» How to complete this task
Output, without alteration, the first line of the entries and each line after it, stopping with the line that contains "msp = doc.modelspace()".

(Saved entries)
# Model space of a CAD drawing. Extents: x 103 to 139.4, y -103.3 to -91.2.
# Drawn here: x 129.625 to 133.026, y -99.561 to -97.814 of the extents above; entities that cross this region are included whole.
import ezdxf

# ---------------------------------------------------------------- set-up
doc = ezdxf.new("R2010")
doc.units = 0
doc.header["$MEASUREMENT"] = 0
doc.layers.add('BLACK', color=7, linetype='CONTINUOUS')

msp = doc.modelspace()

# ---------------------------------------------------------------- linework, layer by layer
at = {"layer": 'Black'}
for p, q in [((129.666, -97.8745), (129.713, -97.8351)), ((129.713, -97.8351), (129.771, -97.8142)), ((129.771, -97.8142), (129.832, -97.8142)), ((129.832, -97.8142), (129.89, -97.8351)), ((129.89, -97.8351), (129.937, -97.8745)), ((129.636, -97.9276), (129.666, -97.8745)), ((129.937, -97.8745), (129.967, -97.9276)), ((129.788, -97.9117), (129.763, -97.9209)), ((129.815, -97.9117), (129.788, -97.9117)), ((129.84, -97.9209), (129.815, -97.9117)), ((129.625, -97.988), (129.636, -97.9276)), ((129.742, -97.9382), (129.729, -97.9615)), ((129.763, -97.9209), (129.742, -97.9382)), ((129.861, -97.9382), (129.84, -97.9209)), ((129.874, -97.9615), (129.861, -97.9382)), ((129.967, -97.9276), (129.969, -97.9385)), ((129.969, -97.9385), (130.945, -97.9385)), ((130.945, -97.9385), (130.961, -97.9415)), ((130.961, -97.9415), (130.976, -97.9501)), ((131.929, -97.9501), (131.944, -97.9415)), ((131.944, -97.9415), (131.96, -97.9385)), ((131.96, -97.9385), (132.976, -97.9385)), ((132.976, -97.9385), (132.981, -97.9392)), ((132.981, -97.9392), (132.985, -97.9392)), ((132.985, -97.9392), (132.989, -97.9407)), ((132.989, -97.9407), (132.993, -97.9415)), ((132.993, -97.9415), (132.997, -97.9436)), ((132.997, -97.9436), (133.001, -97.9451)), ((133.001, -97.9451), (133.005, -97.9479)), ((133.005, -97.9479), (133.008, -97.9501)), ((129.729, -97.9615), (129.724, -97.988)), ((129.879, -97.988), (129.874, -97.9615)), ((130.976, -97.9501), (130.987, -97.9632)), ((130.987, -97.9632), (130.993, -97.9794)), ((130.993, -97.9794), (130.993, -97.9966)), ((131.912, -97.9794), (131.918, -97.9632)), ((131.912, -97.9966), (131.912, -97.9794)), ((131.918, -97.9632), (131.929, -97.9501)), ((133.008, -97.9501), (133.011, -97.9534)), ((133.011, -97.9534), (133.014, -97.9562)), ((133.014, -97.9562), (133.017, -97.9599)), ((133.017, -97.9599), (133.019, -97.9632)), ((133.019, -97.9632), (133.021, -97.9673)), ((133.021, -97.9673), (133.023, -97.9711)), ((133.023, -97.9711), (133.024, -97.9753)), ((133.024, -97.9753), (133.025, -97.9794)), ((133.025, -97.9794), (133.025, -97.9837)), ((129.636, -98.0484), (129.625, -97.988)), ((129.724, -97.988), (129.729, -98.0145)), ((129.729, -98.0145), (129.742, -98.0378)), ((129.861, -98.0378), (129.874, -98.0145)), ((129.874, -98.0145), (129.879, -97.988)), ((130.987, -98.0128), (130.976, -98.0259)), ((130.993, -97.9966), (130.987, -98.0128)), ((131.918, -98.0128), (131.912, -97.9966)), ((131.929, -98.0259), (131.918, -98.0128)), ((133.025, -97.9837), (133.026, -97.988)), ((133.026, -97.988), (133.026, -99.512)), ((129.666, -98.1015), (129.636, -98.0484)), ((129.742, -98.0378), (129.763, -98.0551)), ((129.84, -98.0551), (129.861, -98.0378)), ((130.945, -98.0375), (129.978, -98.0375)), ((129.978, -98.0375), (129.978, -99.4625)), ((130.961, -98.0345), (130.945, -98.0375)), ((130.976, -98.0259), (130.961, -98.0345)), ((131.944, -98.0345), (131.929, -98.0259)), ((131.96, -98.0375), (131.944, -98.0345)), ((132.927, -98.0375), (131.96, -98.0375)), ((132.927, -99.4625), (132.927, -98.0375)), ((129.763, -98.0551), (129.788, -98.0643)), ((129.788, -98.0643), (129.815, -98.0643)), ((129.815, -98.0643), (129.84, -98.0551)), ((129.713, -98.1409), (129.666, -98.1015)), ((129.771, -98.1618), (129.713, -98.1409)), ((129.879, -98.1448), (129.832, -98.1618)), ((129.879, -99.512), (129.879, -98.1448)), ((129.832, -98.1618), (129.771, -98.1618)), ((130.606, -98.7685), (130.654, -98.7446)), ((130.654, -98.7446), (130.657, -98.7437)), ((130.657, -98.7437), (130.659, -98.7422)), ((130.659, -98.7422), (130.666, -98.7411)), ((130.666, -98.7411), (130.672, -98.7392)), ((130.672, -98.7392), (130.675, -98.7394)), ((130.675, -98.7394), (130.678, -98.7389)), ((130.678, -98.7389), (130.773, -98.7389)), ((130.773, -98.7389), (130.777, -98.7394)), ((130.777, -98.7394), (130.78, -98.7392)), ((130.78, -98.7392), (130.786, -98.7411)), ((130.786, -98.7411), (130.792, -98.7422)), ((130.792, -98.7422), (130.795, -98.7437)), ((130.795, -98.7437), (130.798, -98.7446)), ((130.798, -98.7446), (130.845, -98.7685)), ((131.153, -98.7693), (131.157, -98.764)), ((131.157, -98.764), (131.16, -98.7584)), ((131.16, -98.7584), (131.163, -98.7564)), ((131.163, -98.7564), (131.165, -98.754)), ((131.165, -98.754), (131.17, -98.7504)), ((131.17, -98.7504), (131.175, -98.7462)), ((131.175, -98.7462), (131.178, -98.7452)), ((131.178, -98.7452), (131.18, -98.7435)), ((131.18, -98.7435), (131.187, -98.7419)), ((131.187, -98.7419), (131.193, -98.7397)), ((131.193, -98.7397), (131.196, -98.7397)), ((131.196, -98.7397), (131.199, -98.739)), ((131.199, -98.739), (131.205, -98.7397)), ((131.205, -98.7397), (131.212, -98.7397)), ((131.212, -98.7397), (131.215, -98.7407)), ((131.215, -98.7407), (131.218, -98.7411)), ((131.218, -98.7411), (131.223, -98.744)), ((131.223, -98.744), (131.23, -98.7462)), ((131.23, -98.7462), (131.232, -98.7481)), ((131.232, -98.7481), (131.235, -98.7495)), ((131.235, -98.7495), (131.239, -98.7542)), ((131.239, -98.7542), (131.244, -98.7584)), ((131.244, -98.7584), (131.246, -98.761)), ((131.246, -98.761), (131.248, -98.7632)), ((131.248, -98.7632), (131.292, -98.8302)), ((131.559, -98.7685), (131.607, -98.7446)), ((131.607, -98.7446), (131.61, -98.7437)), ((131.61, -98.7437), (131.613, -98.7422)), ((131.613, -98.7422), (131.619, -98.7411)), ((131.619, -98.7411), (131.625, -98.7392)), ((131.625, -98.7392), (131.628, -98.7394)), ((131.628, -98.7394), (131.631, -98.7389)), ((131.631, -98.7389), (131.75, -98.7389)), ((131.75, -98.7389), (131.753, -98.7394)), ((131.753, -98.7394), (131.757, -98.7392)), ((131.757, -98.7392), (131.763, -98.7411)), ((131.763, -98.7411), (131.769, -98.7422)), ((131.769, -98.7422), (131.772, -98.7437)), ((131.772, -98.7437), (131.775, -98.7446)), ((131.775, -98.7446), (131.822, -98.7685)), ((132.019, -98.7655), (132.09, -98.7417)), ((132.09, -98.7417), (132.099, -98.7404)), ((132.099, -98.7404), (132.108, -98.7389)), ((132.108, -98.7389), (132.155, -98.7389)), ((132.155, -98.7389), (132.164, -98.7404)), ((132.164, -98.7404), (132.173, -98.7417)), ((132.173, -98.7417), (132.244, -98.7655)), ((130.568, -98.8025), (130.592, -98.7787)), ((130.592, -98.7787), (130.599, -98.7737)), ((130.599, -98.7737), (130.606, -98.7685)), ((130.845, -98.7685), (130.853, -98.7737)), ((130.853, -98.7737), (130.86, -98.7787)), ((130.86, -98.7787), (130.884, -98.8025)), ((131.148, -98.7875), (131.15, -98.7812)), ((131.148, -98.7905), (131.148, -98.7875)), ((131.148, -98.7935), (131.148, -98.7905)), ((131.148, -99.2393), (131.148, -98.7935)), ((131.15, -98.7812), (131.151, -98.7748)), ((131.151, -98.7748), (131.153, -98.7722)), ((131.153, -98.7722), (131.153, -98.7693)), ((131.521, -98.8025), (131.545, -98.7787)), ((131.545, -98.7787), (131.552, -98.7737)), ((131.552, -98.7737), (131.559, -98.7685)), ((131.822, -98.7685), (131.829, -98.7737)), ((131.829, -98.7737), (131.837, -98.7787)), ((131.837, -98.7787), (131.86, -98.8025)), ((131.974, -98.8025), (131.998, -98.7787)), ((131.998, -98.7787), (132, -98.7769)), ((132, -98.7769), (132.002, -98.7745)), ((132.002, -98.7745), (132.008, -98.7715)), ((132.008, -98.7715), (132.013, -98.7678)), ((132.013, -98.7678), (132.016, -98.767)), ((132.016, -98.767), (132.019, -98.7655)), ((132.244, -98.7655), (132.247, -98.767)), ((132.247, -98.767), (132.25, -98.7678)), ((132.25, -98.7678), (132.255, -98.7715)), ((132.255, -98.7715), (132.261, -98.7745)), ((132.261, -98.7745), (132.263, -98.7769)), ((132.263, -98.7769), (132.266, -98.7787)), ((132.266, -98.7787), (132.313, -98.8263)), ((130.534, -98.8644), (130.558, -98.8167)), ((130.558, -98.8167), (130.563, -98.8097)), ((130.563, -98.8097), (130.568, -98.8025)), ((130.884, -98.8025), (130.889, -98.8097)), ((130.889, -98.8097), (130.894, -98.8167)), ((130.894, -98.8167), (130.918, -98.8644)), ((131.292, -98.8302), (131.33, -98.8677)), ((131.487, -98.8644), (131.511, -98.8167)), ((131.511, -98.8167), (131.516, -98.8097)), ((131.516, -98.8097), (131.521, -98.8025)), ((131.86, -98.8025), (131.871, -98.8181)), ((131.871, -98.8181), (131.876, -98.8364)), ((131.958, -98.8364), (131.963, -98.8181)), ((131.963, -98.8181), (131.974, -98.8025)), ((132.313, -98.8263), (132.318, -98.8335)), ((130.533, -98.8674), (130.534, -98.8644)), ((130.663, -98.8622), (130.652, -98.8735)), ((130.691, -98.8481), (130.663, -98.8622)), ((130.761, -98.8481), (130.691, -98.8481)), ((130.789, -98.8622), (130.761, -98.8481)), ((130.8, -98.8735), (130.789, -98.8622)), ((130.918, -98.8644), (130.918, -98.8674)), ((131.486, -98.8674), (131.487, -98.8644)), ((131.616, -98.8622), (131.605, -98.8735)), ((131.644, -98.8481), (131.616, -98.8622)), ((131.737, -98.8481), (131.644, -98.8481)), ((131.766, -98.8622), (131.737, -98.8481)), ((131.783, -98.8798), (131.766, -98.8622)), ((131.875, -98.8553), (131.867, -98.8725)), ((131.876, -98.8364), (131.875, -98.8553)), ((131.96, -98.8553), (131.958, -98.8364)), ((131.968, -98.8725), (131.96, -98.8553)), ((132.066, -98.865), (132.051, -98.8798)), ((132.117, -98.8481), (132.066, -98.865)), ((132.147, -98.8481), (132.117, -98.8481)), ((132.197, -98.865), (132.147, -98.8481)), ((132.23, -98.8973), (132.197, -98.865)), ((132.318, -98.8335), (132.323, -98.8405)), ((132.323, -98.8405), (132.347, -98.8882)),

» Reply
# Model space of a CAD drawing. Extents: x 103 to 139.4, y -103.3 to -91.2.
# Drawn here: x 129.625 to 133.026, y -99.561 to -97.814 of the extents above; entities that cross this region are included whole.
import ezdxf

# ---------------------------------------------------------------- set-up
doc = ezdxf.new("R2010")
doc.units = 0
doc.header["$MEASUREMENT"] = 0
doc.layers.add('BLACK', color=7, linetype='CONTINUOUS')

msp = doc.modelspace()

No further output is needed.